> ABOUT THIS TASK
Write out, without any change, the lines in the material below that run from the line with "arc A2 (0, 10.7648)" through the line with "10 and the other way through all", both included.
--- INPUT ---
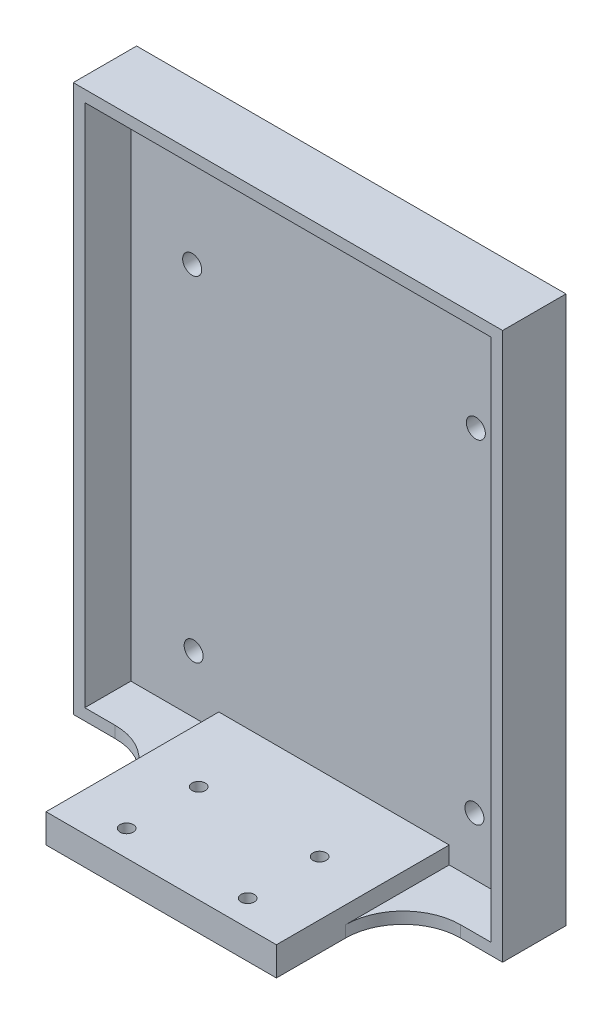
SolidWorks part; units mm, degrees
ref_plane "Alzado" through (0, 0, 0) normal (0, 0, 1) x (1, 0, 0)
ref_plane "Planta" through (0, 0, 0) normal (0, 1, 0) x (1, 0, 0)
ref_plane "Vista lateral" through (0, 0, 0) normal (1, 0, 0) x (0, 0, -1)
sketch "Croquis1" plane through (0, 0, 0) normal (0, 0, 1) x (1, 0, 0)
  line L0 (-55.75, 30) -> (-32.25, 30)
  line L1 (-32.25, 30) -> (-32.25, -30)
  line L2 (-32.25, -30) -> (-55, -34.2202)
  line L3 (-55, -34.2202) -> (-55, -125.7202)
  line L4 (-40.7501, 45) -> (0, 45)
  line L6 (-15, 15) -> (-15, -15)
  line L11 (-55, -125.7202) -> (-37.2737, -140.5944)
  line L12 (40.75, 45) -> (0, 45)
  line L17 (55, -125.7202) -> (37.2737, -140.5944)
  line L20 (15, 15) -> (15, -15)
  line L21 (-55, -79.9702) -> (55, -79.9702) construction
  line L22 (55, -34.2202) -> (55, -125.7202)
  line L23 (32.25, -30) -> (55, -34.2202)
  line L24 (32.25, 30) -> (32.25, -30)
  line L25 (55.75, 30) -> (32.25, 30)
  line L26 (-55.75, -189.9405) -> (-37.2737, -189.9405)
  line L27 (55.75, -189.9405) -> (37.2737, -189.9405)
  line L28 (40.75, -204.9405) -> (0, -204.9405)
  line L29 (-40.7501, -204.9405) -> (0, -204.9405)
  line L30 (-37.2737, -189.9405) -> (-37.2737, -140.5944)
  line L31 (37.2737, -189.9405) -> (37.2737, -140.5944)
  line L32 (-15, 15) -> (15, 15)
  line L33 (-15, -15) -> (15, -15)
  arc A4 (-55.75, 30) -> (-40.7501, 45) centre (-40.75, 30) cw
  arc A5 (55.75, 30) -> (40.75, 45) centre (40.75, 30) ccw
  arc A8 (55.75, -189.9405) -> (40.75, -204.9405) centre (40.75, -189.9405) cw
  arc A9 (-55.75, -189.9405) -> (-40.7501, -204.9405) centre (-40.75, -189.9405) ccw
  point P11 (0, 15)
  point P13 (-15, 0)
  point P20 (-32.25, 0)
  dimension "D10" = 15
  dimension "D22" = 15
  dimension "D1" = 60
  dimension "D3" = 55
  dimension "D4" = 23.5
  dimension "D5" = 91.5
  dimension "D6" = 23.1381
  dimension "D7" = 30
  dimension "D8" = 30
  dimension "D9" = 17.25
  dimension "D11" = 14.9999
  dimension "D12" = 15
  dimension "D13" = 23.14
  dimension "D14" = 18.4763
  dimension "D16" = 130
  dimension "D19" = 15
  dimension "D20" = 110
  dimension "D21" = 23.14
  dimension "D23" = 23.5
  dimension "D24" = 23.1381
extrude "Saliente-Extruir1" add sketch "Croquis1" along normal blind 15
sketch "Croquis6" plane through (-32.25, 0, 0) normal (-1, 0, 0) x (0, 0, 1)
  line L5 (0, 0) -> (5.215, 0) construction
  line L6 (0, 30) -> (0, -30) construction
  circle A0 centre (3, 0) radius 11.175
  circle A1 centre (3, 0) radius 5 construction
  circle A2 centre (3, 0) radius 25 construction
  dimension "D1" = 22.35
  dimension "D3" = 10
  dimension "D4" = 50
  dimension "D2" = 3
extrude "Cortar-Extruir1" cut sketch "Croquis6" against normal blind 10
sketch "Croquis11" plane through (0, 0, 0) normal (0, 0, -1) x (-1, 0, 0)
  line L0 (32.25, -10.7648) -> (32.25, -30) construction
  line L1 (15, 20) -> (32.25, 20)
  line L2 (15, 20) -> (15, -20)
  line L3 (15, -20) -> (32.25, -20)
  line L4 (32.25, 20) -> (32.25, -20)
  line L5 (15, 15) -> (15, -15) construction
  line L6 (55.75, 30) -> (32.25, 30) construction
  line L7 (0, -8.0419) -> (0, 11.3864) construction
  line L8 (-15, -20) -> (-32.25, -20)
  line L9 (-32.25, 20) -> (-32.25, -20)
  line L10 (-15, 20) -> (-32.25, 20)
  line L11 (-15, 20) -> (-15, -20)
  dimension "D1" = 10
  dimension "D2" = 10
extrude "Saliente-Extruir3" add sketch "Croquis11" along normal blind 12
sketch "Croquis9" plane through (-22.25, 0, 0) normal (-1, 0, 0) x (0, 0, 1)
  circle A0 centre (3, 0) radius 5
  arc A1 (0, -10.7648) -> (0, 10.7648) centre (3, 0) ccw construction
  dimension "D1" = 10
extrude "Cortar-Extruir2" cut sketch "Croquis9" against normal through all both and the other way through all
sketch "Croquis12" plane through (32.25, 0, 0) normal (1, 0, 0) x (0, 0, -1)
  line L2 (0, 0) -> (-9.4705, 0) construction
  line L5 (12, 20) -> (12, -20) construction
  line L6 (0, 20) -> (12, 20)
  line L7 (12, 20) -> (12, 5)
  line L8 (12, -20) -> (12, -5)
  line L9 (0, -20) -> (12, -20)
  arc A3 (12, 5) -> (0, 20) centre (-3.375, 5) ccw
  arc A4 (12, -5) -> (0, -20) centre (-3.375, -5) cw
  dimension "D1" = 15
sketch "Croquis14" plane through (0, 0, 15) normal (0, 0, 1) x (1, 0, 0)
  line L0 (-32.25, 30) -> (-32.25, -30) construction
  line L1 (32.25, 41.5932) -> (-32.25, 41.5932)
  line L2 (32.25, 41.5932) -> (32.25, -40.4068)
  line L3 (32.25, -40.4068) -> (-32.25, -40.4068)
  line L4 (-32.25, 41.5932) -> (-32.25, -40.4068)
  line L5 (32.25, -30) -> (32.25, 30) construction
  line L8 (40.75, 45) -> (-40.7501, 45) construction
  dimension "D1" = 3.4068
  dimension "D2" = 10.4068
extrude "Saliente-Extruir4" add sketch "Croquis14" along normal blind 40
sketch "Croquis10" plane through (32.25, 0, 0) normal (1, 0, 0) x (0, 0, -1)
  circle A0 centre (-3, 0) radius 11.175
  circle A1 centre (-3, 0) radius 5 construction
  arc A2 (0, 10.7648) -> (0, -10.7648) centre (-3, 0) ccw construction
extrude "Cortar-Extruir3" cut sketch "Croquis10" against normal blind 10
sketch "Croquis13" plane through (-32.25, 0, 0) normal (-1, 0, 0) x (0, 0, 1)
  circle A0 centre (3, 0) radius 11.175
  arc A1 (0, -10.7648) -> (0, 10.7648) centre (3, 0) ccw construction
extrude "Cortar-Extruir5" cut sketch "Croquis13" against normal blind 10 and the other way through all
sketch "Croquis15" plane through (0, -40.4068, 0) normal (0, -1, 0) x (1, 0, 0)
  line L0 (-22.25, 15) -> (-22.25, 35)
  line L1 (-32.25, 15) -> (32.25, 15) construction
  line L2 (-12.25, 45) -> (12.25, 45)
  line L3 (22.25, 35) -> (22.25, 15)
  line L4 (22.25, 15) -> (-22.25, 15)
  line L5 (-32.25, 55) -> (-32.25, 15) construction
  line L6 (32.25, 55) -> (32.25, 15) construction
  line L7 (-32.25, 55) -> (32.25, 55) construction
  arc A0 (22.25, 35) -> (12.25, 45) centre (12.25, 35) ccw
  arc A1 (-22.25, 35) -> (-12.25, 45) centre (-12.25, 35) cw
  dimension "D4" = 10
  dimension "D1" = 10
  dimension "D2" = 10
  dimension "D3" = 10
extrude "Cortar-Extruir6" cut sketch "Croquis15" against normal through all
sketch "Croquis16" plane through (0, 0, 55) normal (0, 0, 1) x (1, 0, 0)
  line L1 (-28, 38.5) -> (28, 38.5)
  line L2 (-28, 38.5) -> (-28, -38.5)
  line L3 (-28, -38.5) -> (28, -38.5)
  line L4 (28, 38.5) -> (28, -38.5)
  line L5 (-32.25, 41.5932) -> (32.25, 41.5932)
  line L6 (-32.25, 41.5932) -> (-32.25, -40.4068)
  line L7 (-32.25, -40.4068) -> (32.25, -40.4068)
  line L8 (32.25, 41.5932) -> (32.25, -40.4068)
  point P4 (0, 38.5)
  point P6 (28, 0)
  dimension "D1" = 77
  dimension "D2" = 56
extrude "Saliente-Extruir5" add sketch "Croquis16" along normal blind 5
sketch "Croquis17" plane through (0, 0, 15) normal (0, 0, 1) x (1, 0, 0)
  line L0 (15, 15) -> (15, 45)
  line L1 (15, 45) -> (-15, 45)
  line L2 (40.75, 45) -> (-40.7501, 45) construction
  line L3 (-15, 45) -> (-15, 15)
  line L4 (15, 15) -> (-15, 15) construction
  line L5 (15, 15) -> (-15, 15)
  line L6 (-15, 15) -> (-15, -15) construction
extrude "Cortar-Extruir7" cut sketch "Croquis17" against normal through all
sketch "Croquis19" plane through (0, -15, 0) normal (0, 1, 0) x (1, 0, 0)
  line L0 (-15, -15) -> (-15, 0) construction
  line L1 (15, -15) -> (-3, -15)
  line L2 (15, -15) -> (15, -10.5)
  line L3 (15, -10.5) -> (-3, -10.5)
  line L4 (-3, -15) -> (-3, -10.5)
  dimension "D1" = 12
  dimension "D2" = 2.5
extrude "Saliente-Extruir6" add sketch "Croquis19" along normal up to vertex (60 mm away)
sketch "Croquis22" plane through (0, -15, 0) normal (0, 1, 0) x (1, 0, 0)
  line L1 (-15, 0) -> (-3, 0)
  line L2 (-15, 0) -> (-15, -15)
  line L3 (-15, -15) -> (-3, -15)
  line L4 (-3, 0) -> (-3, -15)
extrude "Cortar-Extruir8" cut sketch "Croquis22" against normal blind 2
sketch "Croquis23" plane through (0, 0, 15) normal (0, 0, 1) x (1, 0, 0)
  line L1 (51.2, -56.4702) -> (55, -56.4702)
  line L2 (51.2, -56.4702) -> (51.2, -103.4702)
  line L3 (51.2, -103.4702) -> (55, -103.4702)
  line L4 (55, -56.4702) -> (55, -103.4702)
  line L6 (55, -125.7202) -> (55, -34.2202) construction
  line L7 (0, 0) -> (0, -130.3454) construction
  line L8 (-51.2, -103.4702) -> (-55, -103.4702)
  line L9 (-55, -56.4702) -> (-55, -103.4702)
---
> RESULT
  arc A2 (0, 10.7648) -> (0, -10.7648) centre (-3, 0) ccw construction
extrude "Cortar-Extruir3" cut sketch "Croquis10" against normal blind 10
sketch "Croquis13" plane through (-32.25, 0, 0) normal (-1, 0, 0) x (0, 0, 1)
  circle A0 centre (3, 0) radius 11.175
  arc A1 (0, -10.7648) -> (0, 10.7648) centre (3, 0) ccw construction
extrude "Cortar-Extruir5" cut sketch "Croquis13" against normal blind 10 and the other way through all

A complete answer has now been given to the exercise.